Aujourd’hui, il ne regrette pas son choix. Il a signé un bail à ferme avec Roger pour les terres et le bâtiment, et n’a investi que 100 000 € pour racheter le troupeau, le matériel, et constituer un fonds de roulement. « J’ai ­conservé l’étable entravée de 52 places. Elle est bien isolée. Je l’ai rénovée en améliorant la ventilation, en refaisant la plomberie et en ajoutant des tapis pour le confort des vaches », détaille Jérémy. Il a renoncé à construire une salle de traite, et continue à utiliser un transfert, comme le faisait Roger. « J’ai simplement installé une pompe à vide plus puissante pour traire cinq vaches en même temps au lieu de trois. »

La holsteinisation, trop coûteuse en concentré

« Avec des annuités réduites, je ne suis pas bloqué dans un système qui me pousserait à produire toujours plus », apprécie le jeune éleveur. Pour dégager un revenu avec un petit volume, il doit conserver des coûts bas. « Au début, j’ai cherché à “holsteiniser” le troupeau pour améliorer la productivité. Je suis monté jusqu’à 7 400 l/VL. Mais je devais acheter le concentré, et avec 5 kg distribués par VL et par jour, cela ne passait pas économiquement. »
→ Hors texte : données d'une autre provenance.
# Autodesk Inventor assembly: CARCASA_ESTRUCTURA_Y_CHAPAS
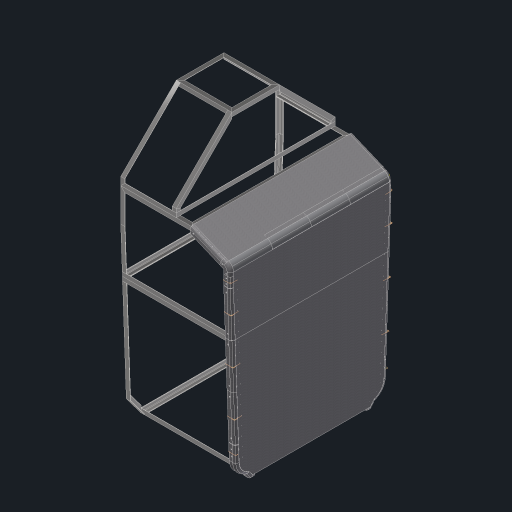
[picture p0: Inventor's stored thumbnail of the model, 512x512]
Saved by Autodesk Inventor 2024.3 (Build 283343000, 343)
## iProperties
Created: 2024-05-18
Part Number: CARCASA_ESTRUCTURA_Y_CHAPAS
Material: Generic
Document SubType Name: Assembly
Designer: Niler
Author: Niler
## Documents named in this file (21)
- C:\Users\Niler\OneDrive\Escritorio\RECICLADOR\RECICLADOR_MODELO_3D\VERSION_3_COMPLETA\CARCASA_ESTRUCTURA_Y_CHAPAS.iam
- C:\Users\Niler\OneDrive\Escritorio\RECICLADOR\RECICLADOR_MODELO_3D\VERSION_3_COMPLETA\ESTRUCTURA\ESTRUCTURA_COMPLETA.iam
- C:\Users\Niler\OneDrive\Escritorio\RECICLADOR\RECICLADOR_MODELO_3D\VERSION_3_COMPLETA\ESQUINAS\ESQUINA_REDONDEADA_R20_P1.ipt
- C:\Users\Niler\OneDrive\Escritorio\RECICLADOR\RECICLADOR_MODELO_3D\VERSION_3_COMPLETA\ESQUINAS\ESQUINA_REDONDEADA_R20_P2.ipt
- C:\Users\Niler\OneDrive\Escritorio\RECICLADOR\RECICLADOR_MODELO_3D\VERSION_3_COMPLETA\ESQUINAS\ESQUINA_REDONDEADA_R20_P3.ipt
- C:\Users\Niler\OneDrive\Escritorio\RECICLADOR\RECICLADOR_MODELO_3D\VERSION_3_COMPLETA\ESQUINAS\ESQUINA_REDONDEADA_R50.ipt
- C:\Users\Niler\OneDrive\Escritorio\RECICLADOR\RECICLADOR_MODELO_3D\VERSION_3_COMPLETA\ESQUINAS\ESQUINA_REDONDEADA_R50_P2.ipt
- C:\Users\Niler\OneDrive\Escritorio\RECICLADOR\RECICLADOR_MODELO_3D\VERSION_3_COMPLETA\ESQUINAS\ESQUINA_REDONDEADA_R20_P1_MIR.ipt
- C:\Users\Niler\OneDrive\Escritorio\RECICLADOR\RECICLADOR_MODELO_3D\VERSION_3_COMPLETA\ESQUINAS\ESQUINA_REDONDEADA_R20_P2_MIR.ipt
- C:\Users\Niler\OneDrive\Escritorio\RECICLADOR\RECICLADOR_MODELO_3D\VERSION_3_COMPLETA\ESQUINAS\ESQUINA_REDONDEADA_R20_P3_MIR.ipt
- C:\Users\Niler\OneDrive\Escritorio\RECICLADOR\RECICLADOR_MODELO_3D\VERSION_3_COMPLETA\ESQUINAS\ESQUINA_REDONDEADA_R20_P4.ipt
- C:\Users\Niler\OneDrive\Escritorio\RECICLADOR\RECICLADOR_MODELO_3D\VERSION_3_COMPLETA\ESQUINAS\ESQUINA_REDONDEADA_R20_P5.ipt
- C:\Users\Niler\OneDrive\Escritorio\RECICLADOR\RECICLADOR_MODELO_3D\VERSION_3_COMPLETA\ESQUINAS\ESQUINA_REDONDEADA_R20_P8.ipt
- C:\Users\Niler\OneDrive\Escritorio\RECICLADOR\RECICLADOR_MODELO_3D\VERSION_3_COMPLETA\ESQUINAS\ESQUINA_REDONDEADA_R20_P9.ipt
- C:\Users\Niler\OneDrive\Escritorio\RECICLADOR\RECICLADOR_MODELO_3D\VERSION_3_COMPLETA\ESQUINAS\ESQUINA_REDONDEADA_R20_P4_MIR.ipt
- C:\Users\Niler\OneDrive\Escritorio\RECICLADOR\RECICLADOR_MODELO_3D\VERSION_3_COMPLETA\ESQUINAS\ESQUINA_REDONDEADA_R20_P5_MIR.ipt
- C:\Users\Niler\OneDrive\Escritorio\RECICLADOR\RECICLADOR_MODELO_3D\VERSION_3_COMPLETA\ESQUINAS\ESQUINA_REDONDEADA_R20_P8_MIR.ipt
- C:\Users\Niler\OneDrive\Escritorio\RECICLADOR\RECICLADOR_MODELO_3D\VERSION_3_COMPLETA\ESQUINAS\ESQUINA_REDONDEADA_R20_P9_MIR.ipt
- C:\Users\Niler\OneDrive\Escritorio\RECICLADOR\RECICLADOR_MODELO_3D\VERSION_3_COMPLETA\NUEVAS_CHAPAS_ALUMINIO\CHAPA_1.ipt
- C:\Users\Niler\OneDrive\Escritorio\RECICLADOR\RECICLADOR_MODELO_3D\VERSION_3_COMPLETA\NUEVAS_CHAPAS_ALUMINIO\CHAPA_2.ipt
- C:\Users\Niler\OneDrive\Escritorio\RECICLADOR\RECICLADOR_MODELO_3D\VERSION_3_COMPLETA\NUEVAS_CHAPAS_ALUMINIO\CHAPA_3.ipt
## Components (38 placed, 20 different names)
1. ESTRUCTURA_COMPLETA:1 [sub-assembly] — Mate:2, Angle:1, Mate:3, Angle:2, Mate:9, Mate:10, Mate:11, Mate:16, Mate:17, Mate:22, Mate:23, Mate:24, Mate:25, Mate:31, Mate:38, Mate:39, Mate:41, Mate:46, Mate:47, Mate:48, Mate:54, Mate:55, Mate:56
2. ESQUINA_REDONDEADA_R20_P1:1 — Mate:2, Angle:1, Mate:4, Mate:30
3. ESQUINA_REDONDEADA_R20_P2:1 — Mate:3, Angle:2, Mate:4, Mate:29, Mate:72, Mate:73
4. ESQUINA_REDONDEADA_R20_P3:1 — Mate:9, Mate:10, Mate:11, Flush:2, Flush:3, Flush:4, Mate:29, Mate:30, Mate:32, Flush:6, Mate:42, Mate:76
5. ESQUINA_REDONDEADA_R50:1 — Flush:2, Mate:74
6. ESQUINA_REDONDEADA_R50_P2:1 — Flush:3, Flush:4, Mate:27, Mate:75
7. ESQUINA_REDONDEADA_R20_P1_MIR:1 — Flush:5, Mate:13
8. ESQUINA_REDONDEADA_R20_P2_MIR:1 — Flush:5, Mate:13
9. ESQUINA_REDONDEADA_R20_P3_MIR:1
10. ESQUINA_REDONDEADA_R50:2 — Mate:14, Mate:15, Mate:16
11. ESQUINA_REDONDEADA_R50_P2:2 — Mate:14, Mate:15, Mate:17, Mate:27, Mate:28
12. ESQUINA_REDONDEADA_R50:3 — Mate:23, Mate:26
13. ESQUINA_REDONDEADA_R50_P2:3 — Mate:22, Mate:28
14. ESQUINA_REDONDEADA_R50:4 — Mate:24, Mate:26
15. ESQUINA_REDONDEADA_R50_P2:4 — Mate:25
16. ESQUINA_REDONDEADA_R20_P4:1 — Mate:31, Mate:32, Flush:6, Mate:40
17. ESQUINA_REDONDEADA_R20_P5:1 — Mate:35, Mate:36, Mate:37, Mate:38
18. ESQUINA_REDONDEADA_R20_P5:2 — Mate:35, Mate:36, Mate:37, Mate:39, Mate:49
19. ESQUINA_REDONDEADA_R20_P4:2 — Mate:40, Mate:41, Mate:42, Mate:49
20. ESQUINA_REDONDEADA_R20_P5:3 — Mate:47, Mate:48, Flush:8, Mate:53
21. ESQUINA_REDONDEADA_R20_P5:4 — Mate:46, Flush:7
22. ESQUINA_REDONDEADA_R20_P5:5 — Flush:8, Mate:53, Flush:9
23. ESQUINA_REDONDEADA_R20_P5:6 — Flush:7, Flush:10, Mate:78
24. ESQUINA_REDONDEADA_R20_P8:1 — Mate:54, Flush:9, Mate:55, Mate:57
25. ESQUINA_REDONDEADA_R20_P9:1 — Mate:56, Flush:10, Mate:57
26. ESQUINA_REDONDEADA_R20_P4_MIR:1 — Mate:62
27. ESQUINA_REDONDEADA_R20_P5_MIR:1 — Mate:58, Mate:59, Mate:60
28. ESQUINA_REDONDEADA_R20_P5_MIR:2 — Mate:58, Mate:59, Mate:60, Mate:61, Mate:77
29. ESQUINA_REDONDEADA_R20_P4_MIR:2 — Mate:61, Mate:62
30. ESQUINA_REDONDEADA_R20_P5_MIR:3 — Mate:63, Mate:64, Mate:65, Mate:66, Flush:11
31. ESQUINA_REDONDEADA_R20_P5_MIR:4 — Mate:63, Mate:64, Mate:65, Flush:12, Mate:80
32. ESQUINA_REDONDEADA_R20_P5_MIR:5 — Mate:66, Flush:11, Mate:67, Mate:68, Mate:69, Flush:13
33. ESQUINA_REDONDEADA_R20_P5_MIR:6 — Flush:12, Mate:67, Mate:68, Mate:69, Flush:14
34. ESQUINA_REDONDEADA_R20_P8_MIR:1 — Flush:13, Mate:70
35. ESQUINA_REDONDEADA_R20_P9_MIR:1 — Mate:70, Flush:14
36. CHAPA_1:1 — Mate:72, Mate:73, Mate:74
37. CHAPA_2:1 — Mate:75, Mate:76, Mate:77, Mate:79
38. CHAPA_3:1 — Mate:78, Mate:79, Mate:80
## Relationships (86: Mate 71, Flush 13, Angle 2)
- Mate:2: ESTRUCTURA_COMPLETA:1 ↔ ESQUINA_REDONDEADA_R20_P1:1
- Angle:1 (0 deg): ESTRUCTURA_COMPLETA:1 ↔ ESQUINA_REDONDEADA_R20_P1:1
- Mate:3: ESTRUCTURA_COMPLETA:1 ↔ ESQUINA_REDONDEADA_R20_P2:1
- Angle:2 (0 deg): ESTRUCTURA_COMPLETA:1 ↔ ESQUINA_REDONDEADA_R20_P2:1
- Mate:4: ESQUINA_REDONDEADA_R20_P1:1 ↔ ESQUINA_REDONDEADA_R20_P2:1
- Mate:9: ESTRUCTURA_COMPLETA:1 ↔ ESQUINA_REDONDEADA_R20_P3:1
- Mate:10: ESTRUCTURA_COMPLETA:1 ↔ ESQUINA_REDONDEADA_R20_P3:1
- Mate:11: ESTRUCTURA_COMPLETA:1 ↔ ESQUINA_REDONDEADA_R20_P3:1
- Flush:2: ESQUINA_REDONDEADA_R20_P3:1 ↔ ESQUINA_REDONDEADA_R50:1
- Flush:3: ESQUINA_REDONDEADA_R20_P3:1 ↔ ESQUINA_REDONDEADA_R50_P2:1
- Flush:4: ESQUINA_REDONDEADA_R20_P3:1 ↔ ESQUINA_REDONDEADA_R50_P2:1
- Flush:5: ESQUINA_REDONDEADA_R20_P1_MIR:1 ↔ ESQUINA_REDONDEADA_R20_P2_MIR:1
- Mate:13: ESQUINA_REDONDEADA_R20_P1_MIR:1 ↔ ESQUINA_REDONDEADA_R20_P2_MIR:1
- Mate:14: ESQUINA_REDONDEADA_R50:2 ↔ ESQUINA_REDONDEADA_R50_P2:2
- Mate:15: ESQUINA_REDONDEADA_R50:2 ↔ ESQUINA_REDONDEADA_R50_P2:2
- Mate:16: ESTRUCTURA_COMPLETA:1 ↔ ESQUINA_REDONDEADA_R50:2
- Mate:17: ESTRUCTURA_COMPLETA:1 ↔ ESQUINA_REDONDEADA_R50_P2:2
- [Mate]: ESQUINA_REDONDEADA_R50:3 ↔ ESQUINA_REDONDEADA_R50_P2:3
- [Mate]: ESQUINA_REDONDEADA_R50:3 ↔ ESQUINA_REDONDEADA_R50_P2:3
- [Mate]: ESQUINA_REDONDEADA_R50:4 ↔ ESQUINA_REDONDEADA_R50_P2:4
- [Mate]: ESQUINA_REDONDEADA_R50:4 ↔ ESQUINA_REDONDEADA_R50_P2:4
- Mate:22: ESTRUCTURA_COMPLETA:1 ↔ ESQUINA_REDONDEADA_R50_P2:3
- Mate:23: ESTRUCTURA_COMPLETA:1 ↔ ESQUINA_REDONDEADA_R50:3
- Mate:24: ESTRUCTURA_COMPLETA:1 ↔ ESQUINA_REDONDEADA_R50:4
- Mate:25: ESTRUCTURA_COMPLETA:1 ↔ ESQUINA_REDONDEADA_R50_P2:4
- Mate:26: ESQUINA_REDONDEADA_R50:3 ↔ ESQUINA_REDONDEADA_R50:4
- Mate:27: ESQUINA_REDONDEADA_R50_P2:1 ↔ ESQUINA_REDONDEADA_R50_P2:2
- Mate:28: ESQUINA_REDONDEADA_R50_P2:2 ↔ ESQUINA_REDONDEADA_R50_P2:3
- Mate:29: ESQUINA_REDONDEADA_R20_P2:1 ↔ ESQUINA_REDONDEADA_R20_P3:1
- Mate:30: ESQUINA_REDONDEADA_R20_P1:1 ↔ ESQUINA_REDONDEADA_R20_P3:1
- Mate:31: ESTRUCTURA_COMPLETA:1 ↔ ESQUINA_REDONDEADA_R20_P4:1
- Mate:32: ESQUINA_REDONDEADA_R20_P3:1 ↔ ESQUINA_REDONDEADA_R20_P4:1
- Flush:6: ESQUINA_REDONDEADA_R20_P3:1 ↔ ESQUINA_REDONDEADA_R20_P4:1
- Mate:35: ESQUINA_REDONDEADA_R20_P5:1 ↔ ESQUINA_REDONDEADA_R20_P5:2
- Mate:36: ESQUINA_REDONDEADA_R20_P5:1 ↔ ESQUINA_REDONDEADA_R20_P5:2
- Mate:37: ESQUINA_REDONDEADA_R20_P5:1 ↔ ESQUINA_REDONDEADA_R20_P5:2
- Mate:38: ESTRUCTURA_COMPLETA:1 ↔ ESQUINA_REDONDEADA_R20_P5:1
- Mate:39: ESTRUCTURA_COMPLETA:1 ↔ ESQUINA_REDONDEADA_R20_P5:2
- Mate:40: ESQUINA_REDONDEADA_R20_P4:1 ↔ ESQUINA_REDONDEADA_R20_P4:2
- Mate:41: ESTRUCTURA_COMPLETA:1 ↔ ESQUINA_REDONDEADA_R20_P4:2
- Mate:42: ESQUINA_REDONDEADA_R20_P3:1 ↔ ESQUINA_REDONDEADA_R20_P4:2
- [Mate]: ESQUINA_REDONDEADA_R20_P5:3 ↔ ESQUINA_REDONDEADA_R20_P5:4
- [Mate]: ESQUINA_REDONDEADA_R20_P5:3 ↔ ESQUINA_REDONDEADA_R20_P5:4
- [Mate]: ESQUINA_REDONDEADA_R20_P5:3 ↔ ESQUINA_REDONDEADA_R20_P5:4
- Mate:46: ESTRUCTURA_COMPLETA:1 ↔ ESQUINA_REDONDEADA_R20_P5:4
- Mate:47: ESTRUCTURA_COMPLETA:1 ↔ ESQUINA_REDONDEADA_R20_P5:3
- Mate:48: ESTRUCTURA_COMPLETA:1 ↔ ESQUINA_REDONDEADA_R20_P5:3
- Mate:49: ESQUINA_REDONDEADA_R20_P5:2 ↔ ESQUINA_REDONDEADA_R20_P4:2
- [Mate]: ESQUINA_REDONDEADA_R20_P5:5 ↔ ESQUINA_REDONDEADA_R20_P5:6
- [Mate]: ESQUINA_REDONDEADA_R20_P5:5 ↔ ESQUINA_REDONDEADA_R20_P5:6
- [Mate]: ESQUINA_REDONDEADA_R20_P5:5 ↔ ESQUINA_REDONDEADA_R20_P5:6
- Flush:7: ESQUINA_REDONDEADA_R20_P5:4 ↔ ESQUINA_REDONDEADA_R20_P5:6
- Flush:8: ESQUINA_REDONDEADA_R20_P5:3 ↔ ESQUINA_REDONDEADA_R20_P5:5
- Mate:53: ESQUINA_REDONDEADA_R20_P5:3 ↔ ESQUINA_REDONDEADA_R20_P5:5
- Mate:54: ESTRUCTURA_COMPLETA:1 ↔ ESQUINA_REDONDEADA_R20_P8:1
- Flush:9: ESQUINA_REDONDEADA_R20_P5:5 ↔ ESQUINA_REDONDEADA_R20_P8:1
- Mate:55: ESTRUCTURA_COMPLETA:1 ↔ ESQUINA_REDONDEADA_R20_P8:1
- Mate:56: ESTRUCTURA_COMPLETA:1 ↔ ESQUINA_REDONDEADA_R20_P9:1
- Flush:10: ESQUINA_REDONDEADA_R20_P5:6 ↔ ESQUINA_REDONDEADA_R20_P9:1
- Mate:57: ESQUINA_REDONDEADA_R20_P8:1 ↔ ESQUINA_REDONDEADA_R20_P9:1
- Mate:58: ESQUINA_REDONDEADA_R20_P5_MIR:1 ↔ ESQUINA_REDONDEADA_R20_P5_MIR:2
- Mate:59: ESQUINA_REDONDEADA_R20_P5_MIR:1 ↔ ESQUINA_REDONDEADA_R20_P5_MIR:2
- Mate:60: ESQUINA_REDONDEADA_R20_P5_MIR:1 ↔ ESQUINA_REDONDEADA_R20_P5_MIR:2
- Mate:61: ESQUINA_REDONDEADA_R20_P5_MIR:2 ↔ ESQUINA_REDONDEADA_R20_P4_MIR:2
- Mate:62: ESQUINA_REDONDEADA_R20_P4_MIR:1 ↔ ESQUINA_REDONDEADA_R20_P4_MIR:2
- Mate:63: ESQUINA_REDONDEADA_R20_P5_MIR:3 ↔ ESQUINA_REDONDEADA_R20_P5_MIR:4
- Mate:64: ESQUINA_REDONDEADA_R20_P5_MIR:3 ↔ ESQUINA_REDONDEADA_R20_P5_MIR:4
- Mate:65: ESQUINA_REDONDEADA_R20_P5_MIR:3 ↔ ESQUINA_REDONDEADA_R20_P5_MIR:4
- Mate:66: ESQUINA_REDONDEADA_R20_P5_MIR:3 ↔ ESQUINA_REDONDEADA_R20_P5_MIR:5
- Flush:11: ESQUINA_REDONDEADA_R20_P5_MIR:3 ↔ ESQUINA_REDONDEADA_R20_P5_MIR:5
- Flush:12: ESQUINA_REDONDEADA_R20_P5_MIR:4 ↔ ESQUINA_REDONDEADA_R20_P5_MIR:6
- Mate:67: ESQUINA_REDONDEADA_R20_P5_MIR:5 ↔ ESQUINA_REDONDEADA_R20_P5_MIR:6
- Mate:68: ESQUINA_REDONDEADA_R20_P5_MIR:5 ↔ ESQUINA_REDONDEADA_R20_P5_MIR:6
- Mate:69: ESQUINA_REDONDEADA_R20_P5_MIR:5 ↔ ESQUINA_REDONDEADA_R20_P5_MIR:6
- Flush:13: ESQUINA_REDONDEADA_R20_P5_MIR:5 ↔ ESQUINA_REDONDEADA_R20_P8_MIR:1
- Mate:70: ESQUINA_REDONDEADA_R20_P8_MIR:1 ↔ ESQUINA_REDONDEADA_R20_P9_MIR:1
- Flush:14: ESQUINA_REDONDEADA_R20_P5_MIR:6 ↔ ESQUINA_REDONDEADA_R20_P9_MIR:1
- Mate:72: ESQUINA_REDONDEADA_R20_P2:1 ↔ CHAPA_1:1
- Mate:73: ESQUINA_REDONDEADA_R20_P2:1 ↔ CHAPA_1:1
- Mate:74: ESQUINA_REDONDEADA_R50:1 ↔ CHAPA_1:1
- Mate:75: ESQUINA_REDONDEADA_R50_P2:1 ↔ CHAPA_2:1
- Mate:76: ESQUINA_REDONDEADA_R20_P3:1 ↔ CHAPA_2:1
- Mate:77: ESQUINA_REDONDEADA_R20_P5_MIR:2 ↔ CHAPA_2:1
- Mate:78: ESQUINA_REDONDEADA_R20_P5:6 ↔ CHAPA_3:1
- Mate:79: CHAPA_2:1 ↔ CHAPA_3:1
- Mate:80: ESQUINA_REDONDEADA_R20_P5_MIR:4 ↔ CHAPA_3:1
## Named parameters: d31_d27 = 0 mm, d32_d28 = 0 mm, d33_d27 = 0 mm, d34_d28 = 0 mm, d58_d50 = 0 mm, d59_d51 = 0 mm, d60_d52 = 0 mm, d65_d58_d50 = 0 mm, d66_d59_d51 = 0 mm, d67_d60_d52 = 0 mm

La distribution de ce concentré au seau prenait du temps. Pour la mécaniser, il fallait investir 20 000 €. « J’ai pris le problème dans l’autre sens, et j’ai réduit le concentré à 500 kg de céréales par vache et par an produites sur l’exploitation. » La production moyenne par vache est redescendue entre 4 500 et 5 500 litres, mais Jérémy arrive quand même à livrer 100 000 à 120 000 litres/an à Sodiaal. Il a évité de faire un investissement de plus, et réduit fortement ses achats.

« Je cale les lactations sur la pousse de l’herbe »

En 2016, son poste alimentation est descendu à 1 750 €, correspondant aux achats de vitamines et minéraux.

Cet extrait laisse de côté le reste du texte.